Work required:
For this exercise, write out exactly the lines from the line containing "0.4999959774455824, 359.9996975182267, 450.0003024811899)" through the last line of the records, and no other lines.

Records for this exercise Block Start

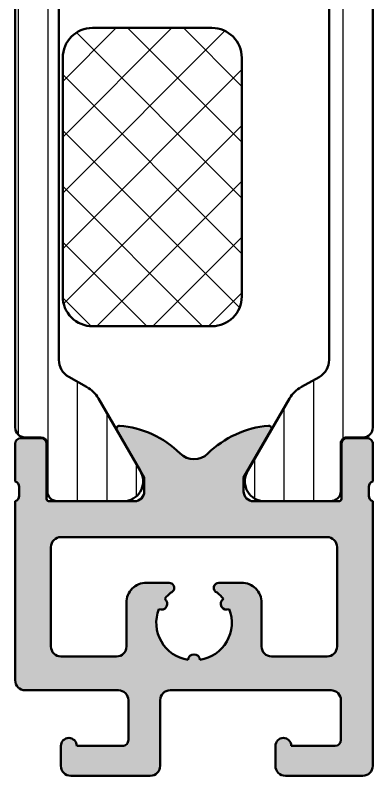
# Model space of a CAD drawing. Extents: x -34 to 16, y 0 to 63.8.
# Drawn here: x -18 to 0, y 0 to 38.24 of the extents above; entities that cross this region are included whole.
import ezdxf

# ---------------------------------------------------------------- set-up
doc = ezdxf.new("R2010")
doc.units = 0
for name, color, linetype, lineweight in [('0S-Alu contour', 7, 'Continuous', 50), ('0S-Alu hatch', 252, 'Continuous', 25), ('0S-Plastic contour', 254, 'Continuous', 50), ('0S-Plastic hatch', 253, 'Continuous', 25), ('0S-PT contour', 91, 'Continuous', 50), ('0S-PT hatch', 103, 'Continuous', 25)]:
    doc.layers.add(name, color=color, linetype=linetype, lineweight=lineweight)
pattern_1 = [(90, (0, 0), (-1.4859, 0), [])]

# ---------------------------------------------------------------- blocks, each defined once
blk = doc.blocks.new('361260__0FC43218_88BC_407F_BA03_FA83623D5A93_')
at = {"layer": '0S-Alu hatch'}
h = blk.add_hatch(color=256, dxfattribs=at)
edge = h.paths.add_edge_path()
edge.add_line((-17.9978971252732, 13.80130790720986), (-17.99731718468376, 4.799637954501207))
edge.add_arc((-17.49707938946051, 4.799875804912176), 0.5002378517692133, 180.0272426909746, 270.0042221778324)
edge.add_line((-17.49704252648064, 4.299637954501196), (-12.79978906082817, 4.299637954501207))
edge.add_ellipse((-12.79960044200256, 3.799826570296934), major_axis=(-0.4998114197947596, 0), ratio=1, start_angle=179.9774761412519, end_angle=270.0216222808698, ccw=False)
edge.add_line((-12.29978906082818, 3.799630086688099), (-12.29883879209876, 1.799311788870198))
edge.add_ellipse((-12.59883875824665, 1.799169271258404), major_axis=(-0.3000000000000029, 0), ratio=1, start_angle=90.00000000000102, end_angle=180.0272188598893, ccw=False)
edge.add_line((-12.59883875824664, 1.499169271258402), (-14.89981352257439, 1.499169271258409))
edge.add_arc((-15.29980741905876, 1.498981082068098), 0.3999939407540122, 0.026956525226164, 179.9730434747738)
edge.add_line((-15.69980131554314, 1.499169271258438), (-15.69980131554314, 0.4991723706999096))
edge.add_arc((-15.20006176675599, 0.4989119194871137), 0.4997396166573679, 179.970138937485, 270.0298610625287)
edge.add_line((-15.19980131554314, -0.0008276293000707), (-11.19980131554314, -0.000827629300062))
edge.add_arc((-11.19954086433029, 0.4989119194871137), 0.4997396166573732, 269.9701389374713, 360.0298610625272)
edge.add_line((-10.6998013155431, 0.4991723706999532), (-10.69980131554314, 3.799630086688097))
edge.add_ellipse((-10.20005239365945, 3.799881403103206), major_axis=(-0.4997489850753566, 0), ratio=1, start_angle=-90.02878588536959, end_angle=0.028813206127892954, ccw=False)
edge.add_line((-10.19980131554314, 4.299630325106674), (-2.099807609793629, 4.299630325106676))
edge.add_ellipse((-2.099566697902099, 3.799871236883237), major_axis=(-0.4997591462899528, 0), ratio=1, start_angle=179.972352904278, end_angle=270.0276197749581, ccw=False)
edge.add_line((-1.599807609793591, 3.799630086688051), (-1.599807609793629, 1.799169271258421))
edge.add_ellipse((-1.899807609793736, 1.799169271258514), major_axis=(-0.3000000000001071, 0), ratio=1, start_angle=90.00000000000739, end_angle=180, ccw=False)
edge.add_line((-1.899807609793697, 1.499169271258407), (-4.09982572960564, 1.499169271258409))
edge.add_arc((-4.499819626090015, 1.498981082068098), 0.3999939407540122, 0.026956525226164, 179.9730434747738)
edge.add_line((-4.89981352257439, 1.499169271258438), (-4.89981352257439, 0.4991723706999381))
edge.add_arc((-4.400011518686255, 0.4989743745880447), 0.4998020431060991, 179.9773023299494, 270.0226976700537)
edge.add_line((-4.39981352257439, -0.0008276293000656), (-0.4997891085118909, -0.0008276293000904))
edge.add_arc((-0.5008975748014564, 0.5015057364470863), 0.5023345887358165, 270.1264306561599, 359.7338576854152)
edge.add_line((0.0014315946130541, 0.499172370699945), (0.0014315946131092, 13.79965321329024))
edge.add_ellipse((0.0802680411561321, 14.06717380528334), major_axis=(-0.2788950563274082, 0), ratio=1, start_angle=-1.164589374103798, end_angle=73.58012358051059, ccw=False)
edge.add_line((-0.1985694053868874, 14.07284221328174), (-0.1985694053869338, 14.52643621328175))
edge.add_ellipse((0.0802986902564206, 14.53209687275866), major_axis=(-0.2789255417373327, 0), ratio=1, start_angle=-73.57540544462552, end_angle=1.1628700728546164, ccw=False)
edge.add_line((0.0014315946131086, 14.79964021328175), (0.0014315946131092, 16.67965121329027))
edge.add_arc((-0.2985684053868454, 16.67965121329027), 0.3000000000000007, 0, 90.00000000002171)
edge.add_line((-0.298568405386959, 16.97965121329027), (-1.278542724429712, 16.97965121329028))
edge.add_arc((-1.278542724429712, 16.67965121329027), 0.3000000000000007, 90, 180)
edge.add_line((-1.578542724429713, 16.67965121329027), (-1.578542724429667, 13.9196608426848))
edge.add_ellipse((-1.698542724429672, 13.91966084268481), major_axis=(-0.1200000000000059, 0), ratio=1, start_angle=90.00000000000063, end_angle=180, ccw=False)
edge.add_line((-1.698542724429671, 13.7996608426848), (-5.99856840538689, 13.7996608426848))
edge.add_ellipse((-5.998591468703279, 14.29963777907472), major_axis=(-0.4999769369218669, 0), ratio=1, start_angle=-0.0017687124012013555, end_angle=90.00264298329279, ccw=False)
edge.add_line((-6.498568405386919, 14.29965321329025), (-6.49856840538689, 14.99965779092699))
edge.add_line((-6.49856840538689, 14.99965779092699), (-5.116806928978121, 17.3929457827503))
edge.add_arc((-5.237184547003153, 17.46244563223652), 0.1389999999999977, 330.0000716396147, 455.0484688207068)
edge.add_arc((-4.809421857260758, 12.62027721314655), 5.000026220621331, 95.0484688206841, 134.2816996639567)
edge.add_ellipse((-8.998560104650691, 16.91579061580255), major_axis=(-0.9999999999999232, 0), ratio=1, start_angle=45.31333341641488, end_angle=134.2816996639592, ccw=False)
edge.add_arc((-13.12083209949458, 12.74818330795426), 4.861917525170921, 45.31333341641597, 85.57985924540934)
edge.add_arc((-12.75683916082812, 17.45705356420126), 0.1390000000000014, 85.57985924544819, 209.9999283603524)
edge.add_line((-12.87721677885323, 17.38755371471508), (-11.49856840538689, 14.99965779092699))
edge.add_line((-11.49856840538689, 14.99965779092699), (-11.49856840538689, 14.29965321329024))
edge.add_ellipse((-11.99861802901821, 14.29971046922902), major_axis=(-0.5000496269092439, 0), ratio=1, start_angle=90.00218917513968, end_angle=179.9934396038542, ccw=False)
edge.add_line((-11.99859892296501, 13.79966084268478), (-16.29792259815576, 13.79965338784799))
edge.add_ellipse((-16.29792280623055, 13.91965338784776), major_axis=(-0.1199999999999469, 0), ratio=1, start_angle=0, end_angle=90.00009934839471, ccw=False)
edge.add_line((-16.4179228062305, 13.91965338784777), (-16.41792280623053, 16.68130590720986))
edge.add_arc((-16.71792280623049, 16.68130590720986), 0.3000000000000043, 0, 90)
edge.add_line((-16.71792280623049, 16.98130590720986), (-17.69789712527324, 16.98130590720981))
edge.add_arc((-17.69789712527324, 16.68130590720983), 0.2999999999999652, 90, 180)
edge.add_line((-17.99789712527321, 16.68130590720983), (-17.99789712527331, 14.80129490720131))
edge.add_ellipse((-18.07676422091639, 14.53375156667838), major_axis=(-0.2789255417371184, 0), ratio=1, start_angle=178.8371299271139, end_angle=253.57540544466138, ccw=False)
edge.add_line((-17.79789612527325, 14.52809090720132), (-17.79789612527327, 14.07449690720131))
edge.add_ellipse((-18.07673357181617, 14.06882849920285), major_axis=(-0.2788950563272903, 0), ratio=1, start_angle=106.4198764194856, end_angle=181.1645893741151, ccw=False)
edge = h.paths.add_edge_path()
edge.add_ellipse((-15.69803495083909, 11.49993608790174), major_axis=(-0.4997217644620078, 0), ratio=1, start_angle=-90.02841107829369, end_angle=0.03190824188072838, ccw=False)
edge.add_line((-15.69778715538689, 11.99965779092697), (-2.298464645621265, 11.99965779092698))
edge.add_ellipse((-2.298210969793217, 11.49988096372871), major_axis=(-0.4997768915784234, 0), ratio=1, start_angle=179.9744148633478, end_angle=270.0290820867885, ccw=False)
edge.add_line((-1.79843412804313, 11.49965779092697), (-1.798128952261887, 6.499642532137947))
edge.add_ellipse((-2.297794272517649, 6.499307871889584), major_axis=(-0.4996654323282479, 0), ratio=1, start_angle=89.9651222430955, end_angle=180.0383749204868, ccw=False)
edge.add_line((-2.298098434683765, 5.999642532137914), (-5.096967894320869, 5.999642532138041))
edge.add_ellipse((-5.096967894320869, 6.499642532138068), major_axis=(-0.5000000000000263, 0), ratio=1, start_angle=0.0032379919052232253, end_angle=90, ccw=False)
edge.add_line((-5.596967893522448, 6.499614275328134), (-5.597092359105189, 8.70201409256037))
edge.add_arc((-6.596719998370758, 8.702386477884687), 0.9996277086268094, 359.9786559458463, 450.0248410042646)
edge.add_line((-6.597153394261453, 9.702014092560516), (-7.740921704808329, 9.702014092560495))
edge.add_arc((-7.740476768507846, 9.445370835683747), 0.2566436425641909, 90.0993322284764, 247.9529281684275)
edge.add_ellipse((-8.995920076794732, 7.702014092560347), major_axis=(-1.899999999999972, 0), ratio=1, start_angle=219.0928124418445, end_angle=232.4064079722575, ccw=False)
edge.add_arc((-7.350497792846454, 8.65233185086845), 0.3009363354029635, 124.5766386696725, 295.4407405094593)
edge.add_ellipse((-8.99592007679496, 7.702014092560489), major_axis=(-1.899999999999988, 0), ratio=1, start_angle=99.05132556162368, end_angle=200.9245667373083, ccw=False)
edge.add_arc((-8.997744430777516, 5.799642532137909), 0.301855267552106, 4.94709011017446, 174.943017843845)
edge.add_ellipse((-8.995920076795073, 7.702014092560489), major_axis=(-1.89999999999997, 0), ratio=1, start_angle=-20.8928512097786, end_angle=80.8387823923992, ccw=False)
edge.add_arc((-10.64407217410928, 8.653309746036626), 0.3017097781496182, 245.1229573836657, 414.890883176)
edge.add_ellipse((-8.995920076795187, 7.702014092560716), major_axis=(-1.899999999999716, 0), ratio=1, start_angle=304.13758142514774, end_angle=320.9066917694514, ccw=False)
edge.add_arc((-10.25378347969206, 9.445366095923163), 0.256648034123328, 318.2981048899558, 450.0309672842568)
edge.add_line((-10.25392219308958, 9.702014092560505), (-11.39717170480833, 9.702014092560495))
edge.add_arc((-11.39768406787971, 8.702587457653266), 0.9994267662404795, 89.97062691950434, 180.0328702440741)
edge.add_line((-12.39711066965213, 8.70201409256045), (-12.39696131516876, 6.499676440308839))
edge.add_ellipse((-12.89696131401899, 6.499642532137841), major_axis=(-0.4999999999999965, 0), ratio=1, start_angle=90, end_angle=180.0038855901814, ccw=False)
edge.add_line((-12.89696131401899, 5.999642532137844), (-15.69739042687126, 5.999642532137918))
edge.add_ellipse((-15.69766194275962, 6.499401518186942), major_axis=(-0.4997590598054497, 0), ratio=1, start_angle=-0.027631480511502104, end_angle=90.0311284306581, ccw=False)
edge.add_line((-16.19742094444934, 6.499642532137885), (-16.19775663780876, 11.49965779092691))
at = {"layer": '0S-Alu contour', "color": 7}
for points in [[(-12.87721677885323, 17.38755371471508), (-11.49856840538689, 14.99965779092699), (-11.49856840538689, 14.29965321329024)], [(-6.498568405386919, 14.29965321329025), (-6.49856840538689, 14.99965779092699), (-5.116806928978121, 17.3929457827503)], [(-16.71792280623049, 16.98130590720986), (-17.69789712527324, 16.98130590720981)], [(-0.298568405386959, 16.97965121329027), (-1.278542724429712, 16.97965121329028)], [(-17.99789712527321, 16.68130590720983), (-17.99789712527331, 14.80129490720131)], [(-16.4179228062305, 13.91965338784777), (-16.41792280623053, 16.68130590720986)], [(-1.578542724429713, 16.67965121329027), (-1.578542724429667, 13.9196608426848)], [(0.0014315946131086, 14.79964021328175), (0.0014315946131092, 16.67965121329027)], [(-17.79789612527325, 14.52809090720132), (-17.79789612527327, 14.07449690720131)], [(-0.1985694053868874, 14.07284221328174), (-0.1985694053869338, 14.52643621328175)], [(-17.9978971252732, 13.80130790720986), (-17.99731718468376, 4.799637954501207)], [(-11.99859892296501, 13.79966084268478), (-16.29792259815576, 13.79965338784799)], [(-1.698542724429671, 13.7996608426848), (-5.99856840538689, 13.7996608426848)], [(0.0014315946130541, 0.499172370699945), (0.0014315946131092, 13.79965321329024)], [(-15.69778715538689, 11.99965779092697), (-2.298464645621265, 11.99965779092698)], [(-16.19742094444934, 6.499642532137885), (-16.19775663780876, 11.49965779092691)], [(-1.79843412804313, 11.49965779092697), (-1.798128952261887, 6.499642532137947)], [(-10.25392219308958, 9.702014092560505), (-11.39717170480833, 9.702014092560495)], [(-6.597153394261453, 9.702014092560516), (-7.740921704808329, 9.702014092560495)], [(-12.39711066965213, 8.70201409256045), (-12.39696131516876, 6.499676440308839)], [(-5.596967893522448, 6.499614275328134), (-5.597092359105189, 8.70201409256037)], [(-12.89696131401899, 5.999642532137844), (-15.69739042687126, 5.999642532137918)], [(-2.298098434683765, 5.999642532137914), (-5.096967894320869, 5.999642532138041)], [(-17.49704252648064, 4.299637954501196), (-12.79978906082817, 4.299637954501207)], [(-10.19980131554314, 4.299630325106674), (-2.099807609793629, 4.299630325106676)], [(-12.29978906082818, 3.799630086688099), (-12.29883879209876, 1.799311788870198)], [(-10.6998013155431, 0.4991723706999532), (-10.69980131554314, 3.799630086688097)], [(-1.599807609793591, 3.799630086688051), (-1.599807609793629, 1.799169271258421)], [(-15.69980131554314, 1.499169271258438), (-15.69980131554314, 0.4991723706999096)], [(-12.59883875824664, 1.499169271258402), (-14.89981352257439, 1.499169271258409)], [(-4.89981352257439, 1.499169271258438), (-4.89981352257439, 0.4991723706999381)], [(-1.899807609793697, 1.499169271258407), (-4.09982572960564, 1.499169271258409)], [(-15.19980131554314, -0.0008276293000707), (-11.19980131554314, -0.000827629300062)], [(-4.39981352257439, -0.0008276293000656), (-0.4997891085118909, -0.0008276293000904)]]:
    blk.add_lwpolyline(points, dxfattribs=at)
for centre, radius, start, end in [((-12.75683916082812, 17.45705356420126), 0.1390000000000014, 85.57985924544819, 209.9999283603524), ((-13.12083209949458, 12.74818330795426), 4.861917525170921, 45.31333341641597, 85.57985924540934), ((-4.809421857260758, 12.62027721314655), 5.000026220621331, 95.0484688206841, 134.2816996639567), ((-5.237184547003153, 17.46244563223652), 0.1389999999999977, 330.0000716396147, 95.04846882070676), ((-17.69789712527324, 16.68130590720983), 0.2999999999999652, 90, 180), ((-16.71792280623049, 16.68130590720986), 0.3000000000000043, 0, 90), ((-1.278542724429712, 16.67965121329027), 0.3000000000000007, 90, 180), ((-0.2985684053868454, 16.67965121329027), 0.3000000000000007, 0, 90.00000000002171), ((-11.39768406787971, 8.702587457653266), 0.9994267662404795, 89.97062691950434, 180.0328702440741), ((-10.25378347969206, 9.445366095923163), 0.256648034123328, 318.2981048899558, 90.03096728425695), ((-7.740476768507846, 9.445370835683747), 0.2566436425641909, 90.0993322284764, 247.9529281684275), ((-6.596719998370758, 8.702386477884687), 0.9996277086268094, 359.9786559458463, 90.02484100426464), ((-10.64407217410928, 8.653309746036626), 0.3017097781496182, 245.1229573836657, 54.89088317600002), ((-7.350497792846454, 8.65233185086845), 0.3009363354029635, 124.5766386696725, 295.4407405094593), ((-8.997744430777516, 5.799642532137909), 0.301855267552106, 4.94709011017446, 174.943017843845), ((-17.49707938946051, 4.799875804912176), 0.5002378517692133, 180.0272426909746, 270.0042221778324), ((-15.29980741905876, 1.498981082068098), 0.3999939407540122, 0.026956525226164, 179.9730434747738), ((-4.499819626090015, 1.498981082068098), 0.3999939407540122, 0.026956525226164, 179.9730434747738), ((-15.20006176675599, 0.4989119194871137), 0.4997396166573679, 179.970138937485, 270.0298610625287), ((-11.19954086433029, 0.4989119194871137), 0.4997396166573732, 269.9701389374713, 0.0298610625271918), ((-4.400011518686255, 0.4989743745880447), 0.4998020431060991, 179.9773023299494, 270.0226976700537), ((-0.5008975748014564, 0.5015057364470863), 0.5023345887358165, 270.1264306561599, 359.7338576854152)]:
    blk.add_arc(centre, radius, start, end, dxfattribs=at)
at = {"layer": '0S-Alu contour', "color": 7, "extrusion": (0, 0, -1)}
for centre, radius, start, end in [((8.998560104650691, 16.91579061580255), 0.9999999999999232, 225.7183003360408, 314.6866665835851), ((18.07676422091639, 14.53375156667838), 0.2789255417371184, 106.4245945553386, 181.1628700728862), ((-0.0802986902564206, 14.53209687275866), 0.2789255417373327, 358.8371299271454, 73.5754054446255), ((11.99861802901821, 14.29971046922902), 0.5000496269092439, 180.0065603961458, 269.9978108248603), ((5.998591468703279, 14.29963777907472), 0.4999769369218669, 269.9973570167072, 0.0017687124011641), ((18.07673357181617, 14.06882849920285), 0.2788950563272903, 178.8354106258849, 253.5801235805144), ((16.29792280623055, 13.91965338784776), 0.1199999999999469, 269.9999006516053, 0), ((1.698542724429672, 13.91966084268481), 0.1200000000000059, 180, 269.9999999999994), ((-0.0802680411561321, 14.06717380528334), 0.2788950563274082, 286.4198764194894, 1.164589374103809), ((15.69803495083909, 11.49993608790174), 0.4997217644620078, 359.9680917581193, 90.02841107829373), ((2.298210969793217, 11.49988096372871), 0.4997768915784234, 89.97091791321151, 180.0255851366523), ((8.995920076795187, 7.702014092560716), 1.899999999999716, 39.09330823054856, 55.86241857485227), ((8.995920076794732, 7.702014092560347), 1.899999999999972, 127.5935920277425, 140.9071875581555), ((8.995920076795073, 7.702014092560489), 1.89999999999997, 279.1612176076009, 20.89285120977862), ((8.99592007679496, 7.702014092560489), 1.899999999999988, 159.0754332626917, 260.9486744383763), ((15.69766194275962, 6.499401518186942), 0.4997590598054497, 269.9688715693419, 0.0276314805114837), ((12.89696131401899, 6.499642532137841), 0.4999999999999965, 179.9961144098186, 270), ((5.096967894320869, 6.499642532138068), 0.5000000000000263, 270, 359.9967620080948), ((2.297794272517649, 6.499307871889584), 0.4996654323282479, 179.9616250795132, 270.0348777569045), ((12.79960044200256, 3.799826570296934), 0.4998114197947596, 89.97837771913022, 180.0225238587482), ((10.20005239365945, 3.799881403103206), 0.4997489850753566, 359.9711867938721, 90.02878588536963), ((2.099566697902099, 3.799871236883237), 0.4997591462899528, 89.97238022504189, 180.0276470957221), ((12.59883875824665, 1.799169271258404), 0.3000000000000029, 179.9727811401107, 269.999999999999), ((1.899807609793736, 1.799169271258514), 0.3000000000001071, 180, 269.9999999999926)]:
    blk.add_arc(centre, radius, start, end, dxfattribs=at)
blk = doc.blocks.new('366710__C0370ADE_37C6_4296_9EF6_7E364F051CCD_')
at = {"layer": '0S-PT hatch'}
h = blk.add_hatch(dxfattribs=at)
h.set_pattern_fill('ANSI37', color=256, scale=0.625, angle=90, style=0)
h.set_pattern_definition([(135, (0, 0), (-1.403165018917055, -1.403165018917055), []), (225, (0, 0), (1.403165018917055, -1.403165018917055), [])])
edge = h.paths.add_edge_path()
edge.add_ellipse((-8.092503874764814, 36.09966297215371), major_axis=(-1.500002282488707, 0), ratio=1, start_angle=180.0000871852981, end_angle=269.9999310293614, ccw=False)
edge.add_line((-6.592501592277843, 36.09966525466294), (-6.592501592277812, 24.0996657314785))
edge.add_ellipse((-8.092502777188235, 24.09966739322684), major_axis=(-1.500001184911342, 0), ratio=1, start_angle=90.00002704638501, end_angle=179.9999365214846, ccw=False)
edge.add_line((-8.092502069114971, 22.59966620831566), (-14.1053350683444, 22.59966620831566))
edge.add_ellipse((-14.10533607669937, 24.09966518184154), major_axis=(-1.499998973526222, 0), ratio=1, start_angle=-2.1000055085096392e-05, end_angle=90.0000385163492, ccw=False)
edge.add_line((-15.6053350502255, 24.09966573162132), (-15.60533505022545, 36.09966525464134))
edge.add_ellipse((-14.10533497911859, 36.09966518353447), major_axis=(-1.500000071106858, 0), ratio=1, start_angle=270.00000340817473, end_angle=359.9999974386791, ccw=False)
edge.add_line((-14.1053350683444, 37.59966525464133), (-8.092502069114971, 37.59966525464133))
at = {"layer": '0S-PT contour', "color": 7}
for points in [[(-14.1053350683444, 37.59966525464133), (-8.092502069114971, 37.59966525464133)], [(-15.6053350502255, 24.09966573162132), (-15.60533505022545, 36.09966525464134)], [(-6.592501592277843, 36.09966525466294), (-6.592501592277812, 24.0996657314785)], [(-8.092502069114971, 22.59966620831566), (-14.1053350683444, 22.59966620831566)]]:
    blk.add_lwpolyline(points, dxfattribs=at)
at = {"layer": '0S-PT contour', "color": 7, "extrusion": (0, 0, -1)}
for centre, radius, start, end in [((14.10533497911859, 36.09966518353447), 1.500000071106858, 2.5613209388e-06, 89.99999659182527), ((8.092503874764814, 36.09966297215371), 1.500002282488707, 90.00006897063858, 179.9999128147019), ((14.10533607669937, 24.09966518184154), 1.499998973526222, 269.9999614836508, 2.10000550146e-05), ((8.092502777188235, 24.09966739322684), 1.500001184911342, 180.0000634785155, 269.999972953615)]:
    blk.add_arc(centre, radius, start, end, dxfattribs=at)
blk = doc.blocks.new('244215__6FFADFF1_7803_4A9D_A44D_FD22CE751301___DA2E039A_4DBD_4D45_B807_D1D9152CF400_')
at = {"layer": '0S-Plastic hatch'}
h = blk.add_hatch(dxfattribs=at)
h.set_pattern_fill('ANSI31', color=256, scale=0.4680000000000001, angle=45, style=0)
h.set_pattern_definition(pattern_1)
edge = h.paths.add_edge_path()
edge.add_line((-2.197893694813046, 39.18530947207933), (-2.197893694813046, 20.91403347207933))
edge.add_ellipse((-3.197894103511132, 20.91403426652413), major_axis=(-1.000000408698401, 0), ratio=1, start_angle=119.99988120079851, end_angle=179.9999544849755, ccw=False)
edge.add_line((-2.697895694813042, 20.04800747207932), (-3.591644641487732, 19.54632863916285))
edge.add_arc((-2.887570107896294, 18.22183664177368), 1.49999999999998, 117.9942546357581, 150.0000034006577)
edge.add_line((-4.186608258087439, 18.97183656467228), (-6.283376192912442, 15.34012747207933))
edge.add_arc((-5.44212354392107, 14.79949254680218), 0.9999960709244732, 147.2729839001604, 261.8183919480986)
edge.add_line((-5.584434192912453, 13.80967447207934), (-2.117892694813008, 13.80967447207934))
edge.add_arc((-2.112890055187904, 14.31467039672532), 0.505020702855097, 269.4324295555978, 359.4330345179705)
edge.add_line((-1.607894077749287, 14.30967308914302), (-1.608226028146304, 16.70967147207932))
edge.add_ellipse((-1.308226028146388, 16.70967147207942), major_axis=(-0.2999999999999165, 0), ratio=1, start_angle=269.9999999999928, end_angle=360, ccw=False)
edge.add_line((-1.30822602814635, 17.00967147207933), (-0.4978946948129988, 17.00967147207933))
edge.add_arc((-0.4978920159037444, 17.50966879317732), 0.4999973211051536, 269.9996930179673, 360.0003069823849)
edge.add_line((0.0021053051942325, 17.50967147208965), (0.0021053051870013, 42.58967147207932))
edge.add_arc((-0.497892015903858, 42.58967415098854), 0.4999973210979804, 359.9996930176151, 450.0003069820196)
edge.add_line((-0.4978946948129986, 43.08967147207934), (-1.30822602814635, 43.08967147207934))
edge.add_ellipse((-1.308226028146385, 43.38967147207931), major_axis=(-0.2999999999999687, 0), ratio=1, start_angle=0, end_angle=90.00000000000671, ccw=False)
edge.add_line((-1.608226028146352, 43.38967147207933), (-1.607894077749278, 45.78966985501563))
edge.add_arc((-2.107890055187908, 45.78967249464071), 0.4999959774455824, 359.9996975182267, 450.0003024811899)
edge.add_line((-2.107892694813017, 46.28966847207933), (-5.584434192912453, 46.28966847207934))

Records for this exercise Block End

Response to the task:
edge.add_arc((-2.107890055187908, 45.78967249464071), 0.4999959774455824, 359.9996975182267, 450.0003024811899)
edge.add_line((-2.107892694813017, 46.28966847207933), (-5.584434192912453, 46.28966847207934))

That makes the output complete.